### YOUR OBJECTIVE
Using the records below, repeat exactly the lines from the one holding "Multiport Selector3 : dspindex/Multiport" through the one holding "Product : Product", both ends included, and no others.

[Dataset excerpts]
━━━━━━━━━━━━━━━━
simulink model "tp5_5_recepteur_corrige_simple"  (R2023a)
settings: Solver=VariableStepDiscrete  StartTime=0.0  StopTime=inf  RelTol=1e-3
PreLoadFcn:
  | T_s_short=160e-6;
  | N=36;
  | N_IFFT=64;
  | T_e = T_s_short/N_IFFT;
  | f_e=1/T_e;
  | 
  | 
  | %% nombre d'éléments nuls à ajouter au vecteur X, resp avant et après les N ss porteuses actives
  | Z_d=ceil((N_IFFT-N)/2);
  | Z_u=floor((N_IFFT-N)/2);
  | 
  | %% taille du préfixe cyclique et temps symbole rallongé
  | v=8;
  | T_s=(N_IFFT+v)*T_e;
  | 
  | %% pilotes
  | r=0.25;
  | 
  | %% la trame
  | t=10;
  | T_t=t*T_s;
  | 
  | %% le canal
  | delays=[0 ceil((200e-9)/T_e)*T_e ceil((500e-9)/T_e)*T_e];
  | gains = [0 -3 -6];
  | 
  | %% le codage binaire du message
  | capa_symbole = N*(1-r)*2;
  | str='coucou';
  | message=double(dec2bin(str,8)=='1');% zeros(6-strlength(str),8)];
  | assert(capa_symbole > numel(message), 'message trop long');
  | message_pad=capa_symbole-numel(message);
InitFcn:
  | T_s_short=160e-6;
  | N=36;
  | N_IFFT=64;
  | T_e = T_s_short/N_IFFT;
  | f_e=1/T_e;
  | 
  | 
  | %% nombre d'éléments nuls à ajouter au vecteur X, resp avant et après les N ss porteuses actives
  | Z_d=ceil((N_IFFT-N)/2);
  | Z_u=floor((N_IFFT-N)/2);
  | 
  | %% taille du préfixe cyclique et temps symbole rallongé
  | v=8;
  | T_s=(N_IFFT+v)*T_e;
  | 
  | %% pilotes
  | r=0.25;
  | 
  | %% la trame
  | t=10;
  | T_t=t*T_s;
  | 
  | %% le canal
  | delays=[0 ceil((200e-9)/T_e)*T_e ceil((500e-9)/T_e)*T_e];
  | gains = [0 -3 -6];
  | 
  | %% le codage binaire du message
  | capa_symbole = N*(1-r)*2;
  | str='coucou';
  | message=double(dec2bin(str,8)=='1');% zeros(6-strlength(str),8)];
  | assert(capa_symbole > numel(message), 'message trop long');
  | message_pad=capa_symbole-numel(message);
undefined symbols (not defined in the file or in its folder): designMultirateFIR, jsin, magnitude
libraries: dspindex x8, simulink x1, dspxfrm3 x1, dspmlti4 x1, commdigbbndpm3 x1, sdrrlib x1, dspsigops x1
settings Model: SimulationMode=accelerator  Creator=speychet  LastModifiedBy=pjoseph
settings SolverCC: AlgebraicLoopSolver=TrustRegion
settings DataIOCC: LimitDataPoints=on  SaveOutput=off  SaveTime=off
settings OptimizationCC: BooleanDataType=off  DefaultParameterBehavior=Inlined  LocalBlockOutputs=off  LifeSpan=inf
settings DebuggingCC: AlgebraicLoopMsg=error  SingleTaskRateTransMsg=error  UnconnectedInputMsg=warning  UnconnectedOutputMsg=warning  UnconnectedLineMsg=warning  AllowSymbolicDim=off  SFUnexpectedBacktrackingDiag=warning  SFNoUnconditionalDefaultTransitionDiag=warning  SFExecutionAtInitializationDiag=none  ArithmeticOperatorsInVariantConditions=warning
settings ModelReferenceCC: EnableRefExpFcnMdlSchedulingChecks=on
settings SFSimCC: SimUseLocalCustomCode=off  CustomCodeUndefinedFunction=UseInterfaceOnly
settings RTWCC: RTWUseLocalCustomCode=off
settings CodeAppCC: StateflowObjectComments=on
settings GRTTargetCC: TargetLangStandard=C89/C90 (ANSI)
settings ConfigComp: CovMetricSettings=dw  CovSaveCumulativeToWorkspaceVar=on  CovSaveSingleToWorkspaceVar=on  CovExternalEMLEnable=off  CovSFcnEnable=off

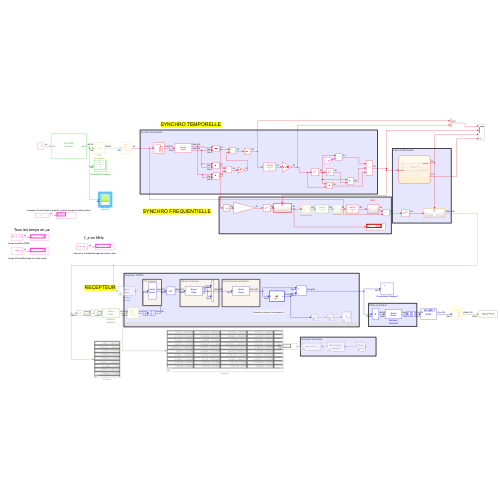
[thumbnail: Simulink's stored preview of the top-level diagram]
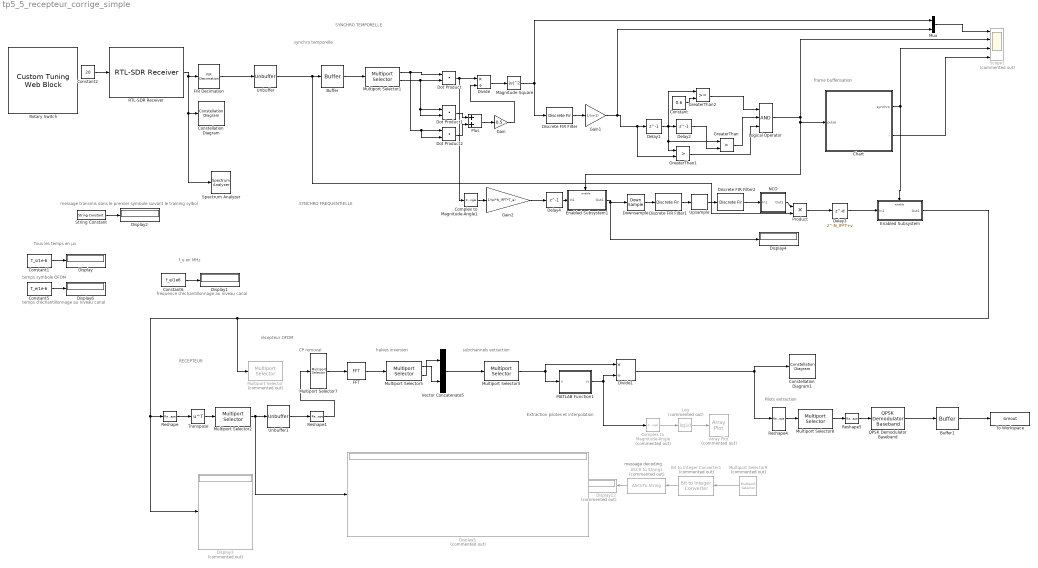
== system tp5_5_recepteur_corrige_simple ==
  note: frame bufferisation
  note: message decoding
  note: Pilots extraction
  note: synchro temporelle
  note: message transmis dans le premier symbole suivant le training sylbol
  note: SYNCHRO TEMPORELLE
  note: halves inversion
  note: subchannels extraction
  note: récepteur OFDM
  note: CP removal
  note: Extraction pilotes et interpolation
  note: temps d'échantillonnage au niveau canal
  note: fréquence d'échantillonnage au niveau canal
  note: f_e en MHz
  note: temps symbole OFDM
  note: Tous les temps en µs
  note: RECEPTEUR
  note: SYNCHRO FREQUENTIELLE
  ASCII to String1 : ASCIIToString  Commented=on
  Array Plot : ArrayPlot  Commented=on  WindowPosition=[601.000000,98.000000,800.000000,500.000000,]  ScopeFrameLocation=window  YLimits=[-0.4671,-0.0335]  ShowLegend=on
  Bit to Integer Converter1 : simulink/Logic and Bit Operations/Bit to Integer Converter  Commented=on  nbits=8  bitOrder=MSB first  signedOutputValues=Unsigned  outDtype=uint8  outDtypeSigned=Inherit via internal rule
      settings: LibrarySourceBlock=|
      | commutil2/Bit to Integer
      | Converter
  Buffer : Buffer  N=N_IFFT  V=N_IFFT-1  OutputFrames=off
  Buffer1 : Buffer  N=N*(1-r)*2*(t-1)  OutputFrames=off
  Chart : Stateflow chart  TreatAsAtomicUnit=on
  Complex to Magnitude-Angle : ComplexToMagnitudeAngle  Commented=on  Output=Magnitude
  Complex to Magnitude-Angle1 : ComplexToMagnitudeAngle  Output=Angle
  Constant : Constant  Value=0.6
  Constant1 : Constant  Value=T_s/1e-6
  Constant2 : Constant  Value=20
  Constant5 : Constant  Value=T_e/1e-6
  Constant6 : Constant  Value=f_e/1e6
  Constellation Diagram : ConstellationDiagram  WindowPosition=[364.000000,153.000000,600.000000,600.000000,]  Visible=on  ScopeFrameLocation=window
  Constellation Diagram1 : ConstellationDiagram  WindowPosition=[963.000000,198.000000,461.000000,428.000000,]  Visible=on  ScopeFrameLocation=window  SymbolsToDisplaySource=Property  SymbolsToDisplay=200  XLimits=[-1.375,1.375]  YLimits=[-1.375,1.375]  DefaultConfigurationName=comm.scopes.ConstellationDiagramBlockCfg
  Delay1 : Delay  DelayLength=1
  Delay2 : Delay  DelayLength=1
  Delay3 : Delay  DelayLength=N_IFFT+v
  Delay4 : Delay  DelayLength=1
  Discrete FIR Filter : DiscreteFir  Coefficients=ones(1,v+1)
  Discrete FIR Filter1 : DiscreteFir  Coefficients=ones(1,100)*1/100
  Discrete FIR Filter2 : DiscreteFir  Coefficients=ones(1,(N_IFFT+v)*t)
  Display{,1..2,4,6} (5 alike) : Display
  Display12 : Display  Commented=on
  Display3 : Display  Commented=on
  Display5 : Display  Commented=on
  Divide : Product  Inputs=*/
  Divide1 : Product  Inputs=*/
  Dot Product : DotProduct  OutDataTypeStr=Inherit: Inherit via internal rule
  Dot Product1 : DotProduct  OutDataTypeStr=Inherit: Inherit via internal rule
  Dot Product2 : DotProduct  OutDataTypeStr=Inherit: Inherit via internal rule
  Downsample : DownSample  N=(N_IFFT+v)*t  RateOptions=Allow multirate processing
  Enabled Subsystem : Subsystem  TreatAsAtomicUnit=on
      settings: LibrarySourceBlock=|
      | hdlsllib/Ports &
      | Subsystems/Enabled
      | Subsystem
  Enabled Subsystem1 : Subsystem  TreatAsAtomicUnit=on
      settings: LibrarySourceBlock=|
      | hdlsllib/Ports &
      | Subsystems/Enabled
      | Subsystem
  FFT : dspxfrm3/FFT  FFTImplementation=Auto  CompMethod=Table lookup  TableOpt=NEW  TableOptActive=Speed  BitRevOrder=off  Normalize=off  InheritFFTLength=on  FFTLength=64  WrapInput=on  roundingMode=Floor  overflowMode=off  firstCoeffDataTypeStr=Inherit: Same word length as input  firstCoeffLastDataTypeStr=Inherit: Same word length as input  outputMin=[]  outputMax=[]
  FIR Decimation : dspmlti4/FIR Decimation  FilterSource=Auto  h=designMultirateFIR(1,2)  D=4  filtStruct=Direct form  FilterObject=FDECIM  InputProcessing=Columns as channels (frame based)  framing=Allow multirate processing  AllowArbitraryInputLength=off  inputOffset=0  outputBufInitCond=0  roundingMode=Floor  overflowMode=off  firstCoeffDataTypeStr=Inherit: Same word length as input  firstCoeffMin=[]  firstCoeffMax=[]  firstCoeffLastDataTypeStr=Inherit: Same word length as input  outputDataTypeStr=Inherit: Same as accumulator  outputMin=[]  outputMax=[]  outputLastDataTypeStr=Inherit: Same as accumulator
      settings: LibrarySourceBlock=|
      | dsphdlsupportfiltering/FIR
      | Decimation
  Gain : Gain  Gain=0.5
  Gain1 : Gain  Gain=1/(v+1)
  Gain2 : Gain  Gain=1/(pi*N_IFFT*T_e)
  GreaterThan : RelationalOperator  Operator=>  OutDataTypeStr=boolean  RndMeth=Simplest  InputSameDT=off
  GreaterThan1 : RelationalOperator  Operator=>  OutDataTypeStr=boolean  RndMeth=Simplest  InputSameDT=off
  GreaterThan2 : RelationalOperator  OutDataTypeStr=boolean  RndMeth=Simplest  InputSameDT=off
  Log : Math  Commented=on  Operator=log10
  Logical Operator : Logic  Inputs=3  AllPortsSameDT=off  OutDataTypeStr=boolean
  MATLAB Function1 : MATLAB Function  TreatAsAtomicUnit=on
  Magnitude Square : Math  Operator=magnitude^2  SignedPower=on  RndMeth=Zero
  Multiport Selector : dspindex/Multiport Selector  Commented=on  rowsOrCols=Rows  idxCellArray={ 2*(N_IFFT+v)+1:3*(N_IFFT+v) }  idxErrMode=Clip Index
      settings: LibrarySourceBlock=|
      | dsphdlsupportsigmgmt/Multiport
      | Selector
  Multiport Selector1 : dspindex/Multiport Selector  rowsOrCols=Rows  idxCellArray={ [1:N_IFFT/2], [N_IFFT/2+1:N_IFFT] }  idxErrMode=Clip Index
  Multiport Selector2 : dspindex/Multiport Selector  rowsOrCols=Rows  idxCellArray={ 2:t }  idxErrMode=Clip Index
      settings: LibrarySourceBlock=|
      | dsphdlsupportsigmgmt/Multiport
      | Selector
  Multiport Selector3 : dspindex/Multiport Selector  rowsOrCols=Rows  idxCellArray={ Z_d+1:N_IFFT-Z_u}  idxErrMode=Clip Index
  Multiport Selector5 : dspindex/Multiport Selector  rowsOrCols=Rows  idxCellArray={ [1:N_IFFT/2], [N_IFFT/2+1:N_IFFT] }  idxErrMode=Clip Index
  Multiport Selector7 : dspindex/Multiport Selector  rowsOrCols=Rows  idxCellArray={[v+1:N_IFFT+v]}  idxErrMode=Clip Index
  Multiport Selector8 : dspindex/Multiport Selector  rowsOrCols=Rows  idxCellArray=1:(1-r)/r  idxErrMode=Clip Index
      settings: LibrarySourceBlock=|
      | dsphdlsupportsigmgmt/Multiport
      | Selector
  Multiport Selector9 : dspindex/Multiport Selector  Commented=on  rowsOrCols=Rows  idxCellArray=1:numel(message)  idxErrMode=Clip Index
  Mux : Mux  Inputs=2
  "NCO " : Subsystem
  Plus : Sum
  Product : Product
  QPSK Demodulator Baseband : commdigbbndpm3/QPSK Demodulator Baseband  OutType=Bit  DecType=Hard decision  VarSource=Dialog  Variance=1  Dec=Gray  Ph=pi/4  outDtype1=Inherit via internal rule  outDtype2=Inherit via internal rule  derotateFactorWordLen=16  derotateFactorDataTypeStr=Inherit: Same word length as input  derotateFactorLastDataTypeStr=Inherit: Same word length as input
      settings: LibrarySourceBlock=|
      | commhdldigbbndpm/QPSK
      | Demodulator
      | Baseband
  RTL-SDR Receiver : sdrrlib/RTL-SDR Receiver  IPAddress=0  CenterFrequencySource=Dialog  CenterFrequency=433.5e6  GainSource=Input port  Gain=0  ADCRate=1.6e6  FrequencyCorrection=0  LostSamplesOutputPort=off  LatencyOutputPort=off  OutputDataType=double  FrameLength=72*4  EnableBurstMode=on  NumFramesInBurst=1000  sobjType=sdrr.internal.SDRRTLReceiverSL  dataUDPPort=-1  ctrlUDPPort=-1  subDeviceList=nosubdev  sdrBlockType=SDRBlockTypeSLT.SDRRxBlock  requester=UNUSED_BY_SFCN  sdrExecutionMode=SDRExecutionModeSLT.ExecModeHW  BypassUserLogic=off  DecimatorSelect=DDC decimator  SourceSelect=RF data  SineAmplitude=16000  EnableInternalClock=off  BypassIQBalance=off  IFBandwidth=40e6  ADCRateSource=Dialog  IntermediateFrequency=0  DecimationFactorSource=Dialog  DecimationFactor=512  RFFrequencyIsTunable=logical(0)  SampleTime=(72*4)/(1.6e6)  IFBandwidthSource=Dialog  SineFrequency=30000  BypassDCBlockingFilter=off  IntermediateFrequencySource=Dialog  IQBalanceCoefficients=64  SkipAllHardwareResetAndInitialization=off  EnableIQCalibrationTable=on  CacheIQCalibrationTable=off  EnableOffsetTuning=off  EnableRTLAGC=off  EnableTestMode=off  EnableTunerAGC=off  FrequencyCorrectionSource=Dialog  NumMLBuffers=128  NumUSBBuffers=16  RTLCrystalFrequency=28800000  TunerCrystalFrequency=28800000
  Reshape : Reshape  OutputDimensionality=Customize  OutputDimensions=[N_IFFT+v,t]
  Reshape1 : Reshape  OutputDimensionality=Column vector (2-D)
  Reshape4 : Reshape  OutputDimensionality=Customize  OutputDimensions=[1/r,N*r]
  Reshape5 : Reshape  OutputDimensionality=Column vector (2-D)
  Rotary Switch : CustomTuningWebBlock  LabelPosition=Hide  ShowInitialText=on  Configuration="{\"components\":[{\"name\":\"RotarySwitchComponent\",\"settings\":{\"arcAngle\":300,\"arcAngleOffset\":120,\"handle\":{\"size\":[150,150],\"src\":\"data:image\\/svg+xml;base64,PHN2ZyBpZD0iTGF5ZXJfMSIgZGF0YS1uYW1lPSJMYXllciAxIiB4bWxucz0iaHR0cDovL3d3dy53My5vcmcvMjAwMC9zdmciIHhtbG5zOnhsaW5rPSJodHRwOi8vd3d3LnczLm9yZy8xOTk5L3hsaW5rIiB2aWV3Qm94PSIwIDAgMTIxIDEyMSI+PGRlZnM+PHN0eWxlPi5jbHMtMXtmaWxsOnVybCgjbGluZWFyLWdyYWRpZW50KTt9LmNscy0yLC5jbHMtM3tmaWxsOiNkMWQxZDE7fS5jbHMtM3tzdHJva2U6I2I3YjdiNztzdHJva2UtbWl0ZXJsaW1pdDoxMDtzdHJva2Utd2lkdGg6MC4yNXB4O30uY2xzLTR7ZmlsbDojZjMwMDAwO30uY2xzLTV7ZmlsbDojZjIxNzY3O308L3N0eWxlPjxsaW5lYXJHcmFkaWVudCBpZD0ibGluZWFyLWdyYWRpZW50IiB4MT0iNjAuNSIgeTE9IjEyMC41IiB4Mj0iNjAuNSIgeTI9IjAuNSIgZ3JhZGllbnRVbml0cz0idXNlclNwYWNlT25Vc2UiPjxzdG9wIG9mZnNldD0iMCIgc3RvcC1jb2xvcj0iI2QxZDFkMSIvPjxzdG9wIG9mZnNldD0iMC4xIiBzdG9wLWNvbG9yPSIjY2VjZWNlIi8+PHN0b3Agb2Zmc2V0PSIwLjE5IiBzdG9wLWNvbG9yPSIjYzNjM2MzIi8+PHN0b3Agb2Zmc2V0PSIwLjI4IiBzdG9wLWNvbG9yPSIjYjFiMWIxIi8+PHN0b3Agb2Zmc2V0PSIwLjM2IiBzdG9wLWNvbG9yPSIjOTg5ODk4Ii8+PHN0b3Agb2Zmc2V0PSIwLjQ0IiBzdG9wLWNvbG9yPSIjNzg3ODc4Ii8+PHN0b3Agb2Zmc2V0PSIwLjQ2IiBzdG9wLWNvbG9yPSIjNmI2YjZiIi8+PHN0b3Agb2Zmc2V0PSIwLjU0IiBzdG9wLWNvbG9yPSIjNmI2YjZiIi8+PHN0b3Agb2Zmc2V0PSIwLjU2IiBzdG9wLWNvbG9yPSIjNzY3Njc2Ii8+PHN0b3Agb2Zmc2V0PSIwLjY0IiBzdG9wLWNvbG9yPSIjOTc5Nzk3Ii8+PHN0b3Agb2Zmc2V0PSIwLjcyIiBzdG9wLWNvbG9yPSIjYjBiMGIwIi8+PHN0b3Agb2Zmc2V0PSIwLjgxIiBzdG9wLWNvbG9yPSIjYzNjM2MzIi8+PHN0b3Agb2Zmc2V0PSIwLjkiIHN0b3AtY29sb3I9IiNjZGNkY2QiLz48c3RvcCBvZmZzZXQ9IjEiIHN0b3AtY29sb3I9IiNkMWQxZDEiLz48L2xpbmVhckdyYWRpZW50PjwvZGVmcz48Y2lyY2xlIGNsYXNzPSJjbHMtMSIgY3g9IjYwLjUiIGN5PSI2MC41IiByPSI2MCIvPjxwYXRoIGNsYXNzPSJjbHMtMiIgZD0iTTYwLjUsMUE1OS41LDU5LjUsMCwxLDEsMSw2MC41LDU5LjU3LDU5LjU3LDAsMCwxLDYwLjUsMW0wLTFBNjAuNSw2MC41LDAsMSwwLDEyMSw2MC41LDYwLjUsNjAuNSwwLDAsMCw2MC41LDBaIi8+PHJlY3QgY2xhc3M9ImNscy0zIiB4PSIwLjUiIHk9IjUxLjUiIHdpZHRoPSIxMjAiIGhlaWdodD0iMTgiIHJ4PSIzLjA0Ii8+PHJlY3QgY2xhc3M9ImNscy00IiB4PSI1Ljc1IiB5PSI1OC43NSIgd2lkdGg9IjE2IiBoZWlnaHQ9IjMiLz48cGF0aCBjbGFzcz0iY2xzLTUiIGQ9Ik0yMS4yNSw1OS4yNXYyaC0xNXYtMmgxNW0xLTFoLTE3djRoMTd2LTRaIi8+PC9zdmc+\"},\"handleOffset\":[0,0],\"handleOrientation\":180,\"handlePosition\":[0,0,1,1],\"handleSize\":{\"height\":0.5,\"width\":0.5},\"labelRadius\":0.36,\"position\":[0,0,1,1],\"states\":[{\"Label\":{\"color\":[0,0,0,1],\"icon\":{\"size\":[0,0],\"src\":[],\"srcOrientation\":\"Right\"},\"iconPlacement\":\"left\",\"opacity\":1,\"position\":[0.7345552884615385,0.6796274038461538],\"show\":true,\"text\":{\"content\":\"10\",\"font\":\"Helvetica\",\"fontSize\":24}},\"Value\":10},{\"Label\":{\"color\":[0,0,0,1],\"icon\":{\"size\":[0,0],\"src\":[],\"srcOrientation\":\"Right\"},\"iconPlacement\":\"left\",\"opacity\":1,\"position\":[0.35757211538461536,0.7603966346153846],\"show\":true,\"text\":{\"content\":\"20\",\"font\":\"Helvetica\",\"fontSize\":24}},\"Value\":20},{\"Label\":{\"color\":[0,0,0,1],\"icon\":{\"size\":[0,0],\"src\":[],\"srcOrientation\":\"Right\"},\"iconPlacement\":\"left\",\"opacity\":1,\"position\":[0.09603365384615385,0.46033653846153844],\"show\":true,\"text\":{\"content\":\"30\",\"font\":\"Helvetica\",\"fontSize\":24}},\"Value\":30},{\"Label\":{\"color\":[0,0,0,1],\"icon\":{\"size\":[0,0],\"src\":[],\"srcOrientation\":\"Right\"},\"iconPlacement\":\"left\",\"opacity\":1,\"position\":[0.36532451923076925,0.1180889423076923],\"show\":true,\"text\":{\"content\":\"40\",\"font\":\"Helvetica\",\"fontSize\":24}},\"Value\":40},{\"Label\":{\"color\":[0,0,0,1],\"icon\":{\"size\":[0,0],\"src\":[],\"srcOrientation\":\"Right\"},\"iconPlacement\":\"left\",\"opacity\":1,\"position\":[0.7191706730769231,0.19501201923076922],\"show\":true,\"text\":{\"content\":\"50\",\"font\":\"Helvetica\",\"fontSize\":24}},\"Value\":50}],\"tickRadius\":0.32}},{\"name\":\"BackgroundImageComponent\",\"settings\":{\"image\":{\"size\":[155,150],\"src\":\"data:image\\/svg+xml;base64,PD94bWwgdmVyc2lvbj0iMS4wIiBlbmNvZGluZz0idXRmLTgiPz4NCjwhLS0gR2VuZXJhdG9yOiBBZG9iZSBJbGx1c3RyYXRvciAyNS4wLjAsIFNWRyBFeHBvcnQgUGx1Zy1JbiAuIFNWRyBWZXJzaW9uOiA2LjAwIEJ1aWxkIDApICAtLT4NCjxzdmcgdmVyc2lvbj0iMS4xIg0KCSBpZD0iTGF5ZXJfMl8xXyIgeG1sbnM6Y2M9Imh0dHA6Ly9jcmVhdGl2ZWNvbW1vbnMub3JnL25zIyIgeG1sbnM6ZGM9Imh0dHA6Ly9wdXJsLm9yZy9kYy9lbGVtZW50cy8xLjEvIiB4bWxuczppbmtzY2FwZT0iaHR0cDovL3d3dy5pbmtzY2FwZS5vcmcv ...(+4184 chars)\",\"srcOrientation\":\"Right\"},\"position\":[0,0,1,1],\"scaleMode\":\"0\"}},{\"name\":\"ForegroundImageComponent\",\"settings\":{\"image\":{\"size\":[0,0],\"src\":\"default\",\"srcOrientation\":[]},\"isForeground\":1,\"position\":[0,0,1,1],\"scaleMode\":\"0\"}}],\"settings\":{\"BindingType\":\"param\",\"backgroundColor\":[0,0,255,\"1\"],\"backgroundOffset\":1,\"fixedAspectRatio\":\"on\",\"image\":{\"size\":[150,150],\"src\":\"data:image\\/svg+xml;base64,PD94bWwgdmVyc2lvbj0iMS4wIiBlbmNvZGluZz0iVVRGLTgiIHN0YW5kYWxvbmU9Im5vIj8+CjwhLS0gR2VuZXJhdG9yOiBBZG9iZSBJbGx1c3RyYXRvciAxOS4yLjEsIFNWRyBFeHBvcnQgUGx1Zy1JbiAuIFNWRyBWZXJzaW9uOiA2LjAwIEJ1aWxkIDApICAtLT4KCjxzdmcKICAgeG1sbnM6ZGM9Imh0dHA6Ly9wdXJsLm9yZy9kYy9lbGVtZW50cy8xLjEvIgogICB4bWxuczpjYz0iaHR0cDovL2NyZWF0aXZlY29tbW9ucy5vcmcvbnMjIgogICB4bWxuczpyZGY9Imh0dHA6Ly93d3cudzMub3JnLzE5OTkvMDIvMjItcmRmLXN5bnRh ...(+9660 chars)\"},\"showBackgroundColor\":false,\"variant\":\"rotarySwitch\",\"version\":\"R2023a\"},\"type\":\"RotarySwitch\"}"
  Scope1 : Scope  Commented=on  NumInputPorts=4
  Spectrum Analyzer : SpectrumAnalyzer  WindowPosition=[263.000000,176.000000,800.000000,500.000000,]  Visible=on  ScopeFrameLocation=window  Span=1600000  StartFrequency=-800000  StopFrequency=800000  YLimits=[-58.66994507,0.19600502]  ColorLimits=[-80 20]
  String Constant : StringConstant  String=str
  To Workspace : ToWorkspace  VariableName=simout  SaveFormat=Timeseries  SampleTime=-1
  Transpose : Math  Operator=transpose
  Unbuffer : Unbuffer
  Unbuffer1 : Unbuffer
  Upsample : dspsigops/Upsample  FactorSource=Dialog parameter  N=(N_IFFT+v)*t  Nmax=16  phase=0  RateOptions=Allow multirate processing  ic=0  mode=Unused parameter value
      settings: LibrarySourceBlock=dsphdlsupportsigops/Upsample
  Vector Concatenate5 : Concatenate
  wires:
  String Constant/1 -> Display2/1
  Buffer/1 -> Multiport Selector1/1
  Discrete FIR Filter/1 -> Gain1/1
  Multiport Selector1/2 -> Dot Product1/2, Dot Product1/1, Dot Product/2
━━━━━━━━━━━━━━━━
### EXPECTED ANSWER
  Multiport Selector3 : dspindex/Multiport Selector  rowsOrCols=Rows  idxCellArray={ Z_d+1:N_IFFT-Z_u}  idxErrMode=Clip Index
  Multiport Selector5 : dspindex/Multiport Selector  rowsOrCols=Rows  idxCellArray={ [1:N_IFFT/2], [N_IFFT/2+1:N_IFFT] }  idxErrMode=Clip Index
  Multiport Selector7 : dspindex/Multiport Selector  rowsOrCols=Rows  idxCellArray={[v+1:N_IFFT+v]}  idxErrMode=Clip Index
  Multiport Selector8 : dspindex/Multiport Selector  rowsOrCols=Rows  idxCellArray=1:(1-r)/r  idxErrMode=Clip Index
      settings: LibrarySourceBlock=|
      | dsphdlsupportsigmgmt/Multiport
      | Selector
  Multiport Selector9 : dspindex/Multiport Selector  Commented=on  rowsOrCols=Rows  idxCellArray=1:numel(message)  idxErrMode=Clip Index
  Mux : Mux  Inputs=2
  "NCO " : Subsystem
  Plus : Sum
  Product : Product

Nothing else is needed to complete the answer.